Another Lousy Week For Stocks

Friday, May 20, 2011
Stock Market Commentary:

Stocks and a host of commodities ended mixed to slightly lower this week as concern spread that economic growth may wane in the weeks and months ahead. So far, the old adage, “Sell in May and Go Away,” appears to be working brilliantly.  From our vantage point, the market rally remains under pressure due to the lackluster action in the major averages and several leading stocks.

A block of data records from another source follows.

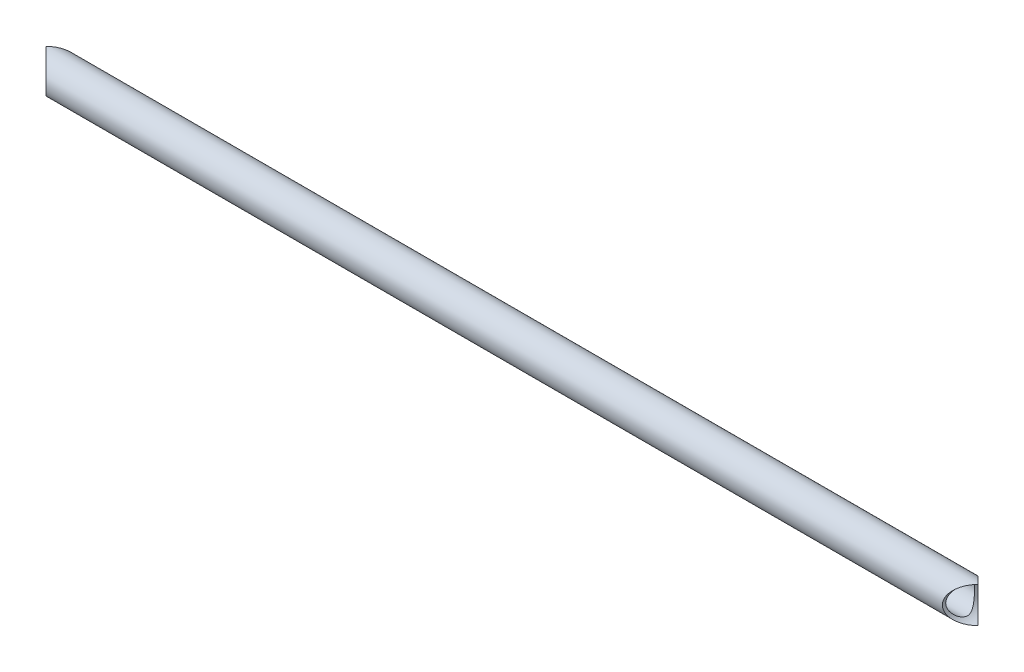
SolidWorks part; units mm, degrees
material "AISI 304"
ref_plane "Plano frontal" through (0, 0, 0) normal (0, 0, 1) x (1, 0, 0)
ref_plane "Plano superior" through (0, 0, 0) normal (0, 1, 0) x (1, 0, 0)
ref_plane "Plano direito" through (0, 0, 0) normal (1, 0, 0) x (0, 0, -1)
ref_plane "Plano1" through (0, 250, 0) normal (0, 1, 0) x (1, 0, 0)
sketch "Esboço1" plane through (0, 0, 0) normal (0, 1, 0) x (1, 0, 0)
  line L0 (0, 162.7552) -> (0, -162.7552)
  line L1 (0, 0) -> (910, 0) construction
  line L2 (910, 265) -> (910, -265) construction
  line L3 (37.1501, 202.6536) -> (910, 265)
  line L4 (37.1501, -202.6536) -> (910, -265)
  arc A0 (0, -162.7552) -> (37.1501, -202.6536) centre (40, -162.7552) ccw
  arc A1 (0, 162.7552) -> (37.1501, 202.6536) centre (40, 162.7552) cw
  point P9 (0, -200)
  point P12 (0, 200)
  dimension "D3" = 40
  dimension "D1" = 400
  dimension "D2" = 910
  dimension "D4" = 530
sketch "Esboço2" plane through (0, 250, 0) normal (0, 1, 0) x (1, 0, 0)
  line L0 (0, 162.7552) -> (0, -162.7552) construction
  line L1 (0, 0) -> (910, 0) construction
  line L2 (910, 265) -> (910, -265) construction
  line L3 (37.1501, 202.6536) -> (910, 265) construction
  line L4 (37.1501, -202.6536) -> (910, -265) construction
  arc A0 (0, -162.7552) -> (37.1501, -202.6536) centre (40, -162.7552) ccw construction
  arc A1 (0, 162.7552) -> (37.1501, 202.6536) centre (40, 162.7552) cw construction
  point P9 (0, -200)
  point P12 (0, 200)
  dimension "D3" = 40
  dimension "D1" = 400
  dimension "D2" = 910
  dimension "D4" = 530
sketch3d "3DSketch1"
  line L0 (37.1501, 0, 202.6536) -> (910, 0, 265) construction
  line L1 (58.5316, 250, 185.1239) -> (58.5316, 250, 204.1808) construction
  line L2 (58.5316, 250, -185.0557) -> (58.5316, 250, -204.1808) construction
  line L3 (0, 250, 0) -> (910, 250, 0) construction
  line L4 (58.5316, 250, -184.1808) -> (58.5316, 250, 184.1808)
  line L7 (58.5316, 250, 185.1239) -> (58.5316, 250, -185.0557) construction
  line L8 (58.5316, 230, 204.1808) -> (58.5316, 0, 204.1808)
  line L11 (58.5316, 230, -204.1808) -> (58.5316, 0, -204.1808)
  line L12 (0, 250, -162.7552) -> (0, 250, 162.7552) construction
  line L14 (37.1501, 0, -202.6536) -> (910, 0, -265) construction
  arc A0 (58.5316, 230, -204.1808) -> (58.5316, 250, -184.1808) centre (58.5316, 230, -184.1808) ccw
  arc A1 (58.5316, 230, 204.1808) -> (58.5316, 250, 184.1808) centre (58.5316, 230, 184.1808) ccw
  circle A2 centre (58.5316, 250, 0) radius 7.9375
  point P5 (58.5316, 250, -204.1808)
  point P7 (78.5316, 230, -184.1808)
  point P11 (58.5316, 250, 204.1808)
  point P13 (38.5316, 230, 184.1808)
  point P15 (58.5316, 250, 7.9375)
  point P17 (37.1501, 0, -202.6536)
  point P18 (87.0231, 0, -206.2159)
  point P34 (196.7435, 15.88, -214.0531)
  dimension "D2" = 20
  dimension "D3" = 15.875
  dimension "D13" = 58.5316
sketch "Esboço4" plane through (0, 250, 0) normal (0, 1, 0) x (1, 0, 0)
  line L0 (60.0173, 204.287) -> (60.0173, -204.287) construction
  line L1 (37.1501, 202.6536) -> (910, 265) construction
  line L2 (0, 200) -> (0, -200) construction
  line L3 (0, -200) -> (910, -265) construction
  line L4 (0, 0) -> (910, 0) construction
  line L5 (910, -265) -> (910, 265) construction
  line L6 (910, 265) -> (0, 200) construction
  point P3 (60.0173, 0)
sketch "Esboço6" plane through (0, 0, 0) normal (0, 0, 1) x (1, 0, 0)
  circle A0 centre (0, 0) radius 7.9375
sketch3d "3DSketch2"
  line L0 (473.5751, 0, 233.8268) -> (473.5751, 230, 233.8268)
  line L1 (37.1501, 0, 202.6536) -> (910, 0, 265) construction
  line L2 (37.1501, 250, 202.6536) -> (910, 250, 265) construction
  line L3 (473.5751, 250, 213.8268) -> (473.5751, 250, -213.8268)
  line L4 (37.1501, 250, -202.6536) -> (910, 250, -265) construction
  line L5 (473.5751, 230, -233.8268) -> (473.5751, 0, -233.8268)
  line L6 (37.1501, 0, -202.6536) -> (910, 0, -265) construction
  arc A0 (473.5751, 250, -213.8268) -> (473.5751, 230, -233.8268) centre (473.5751, 230, -213.8268) ccw
  arc A1 (473.5751, 230, 233.8268) -> (473.5751, 250, 213.8268) centre (473.5751, 230, 213.8268) ccw
  point P14 (473.5751, 250, -233.8268)
  point P15 (453.5751, 230, -213.8268)
  point P18 (473.5751, 250, 233.8268)
  point P19 (453.5751, 230, 213.8268)
  dimension "D1" = 20
sketch "Esboço7" plane through (0, 250, 0) normal (0, 1, 0) x (1, 0, 0)
  line L0 (58.5316, 150) -> (473.5751, 150)
  line L1 (58.5316, 184.1808) -> (58.5316, -184.1808) construction
  line L2 (473.5751, -213.8268) -> (473.5751, 213.8268) construction
  line L3 (0, 0) -> (910, 0) construction
  dimension "D1" = 150
other "Pipe - configured 21.3 X 2.3(3)"
ref_plane "Plano2" through (58.5316, 250, -150) normal (1, 0, 0) x (0, 0, -1)
sketch "Sketch1" plane through (58.5316, 250, -150) normal (1, 0, 0) x (0, 0, -1)
  circle A0 centre (0, 0) radius 6.4375
  circle A1 centre (0, 0) radius 7.9375
  point P3 (0, 0)
  dimension "Out_dia" = 15.875
  dimension "D1" = 1.5
sketch "Esboço10" plane through (0, 0, 0) normal (0, 0, 1) x (1, 0, 0)
  line L0 (473.5751, 257.9375) -> (58.5316, 257.9375) construction
  circle A0 centre (58.5316, 250) radius 7.9375
extrude "Corte-extrusão1" cut sketch "Esboço10" against normal through all both and the other way through all
sketch "Esboço11" plane through (0, 0, 0) normal (0, 0, 1) x (1, 0, 0)
  line L0 (473.5751, 257.9375) -> (58.5316, 257.9375) construction
  circle A0 centre (473.5751, 250) radius 7.9375
extrude "Corte-extrusão2" cut sketch "Esboço11" against normal through all both and the other way through all

Monday-Wednesday’s Action – 50 DMA line Is Support

Over the weekend, the head of the International Monetary Fund, Dominique Strauss-Kahn, was accused of raping a cleaning lady at a NYC hotel. This story dominated the headlines all week and forced him to resign as the director of the IMF. In other news, the earnings and economic data was mixed to slightly lower. Before Monday’s open, the NY Empire State manufacturing index fell nearly 10 points to 11.88 which was higher than the boom/bust level of zero which signaled expansion, albeit at a slower rate than prior months. In other news, the National Association of Home Builders released its housing market index which is based on a survey in which respondents from the organization rate the condition of the general economy and the housing market. The index matched the last reading of 16 which suggests more time is needed before the ailing housing market improves.
Before Tuesday’s open a slew of high profile companies released mixed-to-lower Q1 results and the latest economic data missed estimates. The Commerce Department said housing starts (a.k.a. new homes being built), fell -11% from March and missed the Street’s estimate of 569,000. Work began at an annual pace of 523,000 houses last month. The report showed that building permits, a sign of future construction, also fell. This was the latest in a series of disappointing data from the ailing housing market. A separate report showed that industrial production was unchanged in April which fell short of the Street’s estimate for a +0.4% increase.
Before Wednesday’s open, a slew of high profile companies (DELL, DE, TGT, among others) released their Q1 results which largely topped analyst estimates. At 2pm EST, the Federal Reserve Open Market Committee (FOMC), released the minutes of their latest meeting which largely reiterated their recent stance that the economy is improving while inflation pressures are largely short-term in nature.
According to the Stock Trader’s Almanac, there is some truth to the old adage, “Sell in May and Go Away. On average, the Dow Jones Industrial Average has rallied +7.4% during the period of November 1 through April 30 since 1950 (post WWII). The data also shows that the Dow Jones Industrial Average has only risen by +0.4% between May 1 and October 31. Further analysis of the data shows that the worst six-month periods in the market’s post WWII history have occurred between May-November (2010, 2008, 2002, and 2001, to name a few).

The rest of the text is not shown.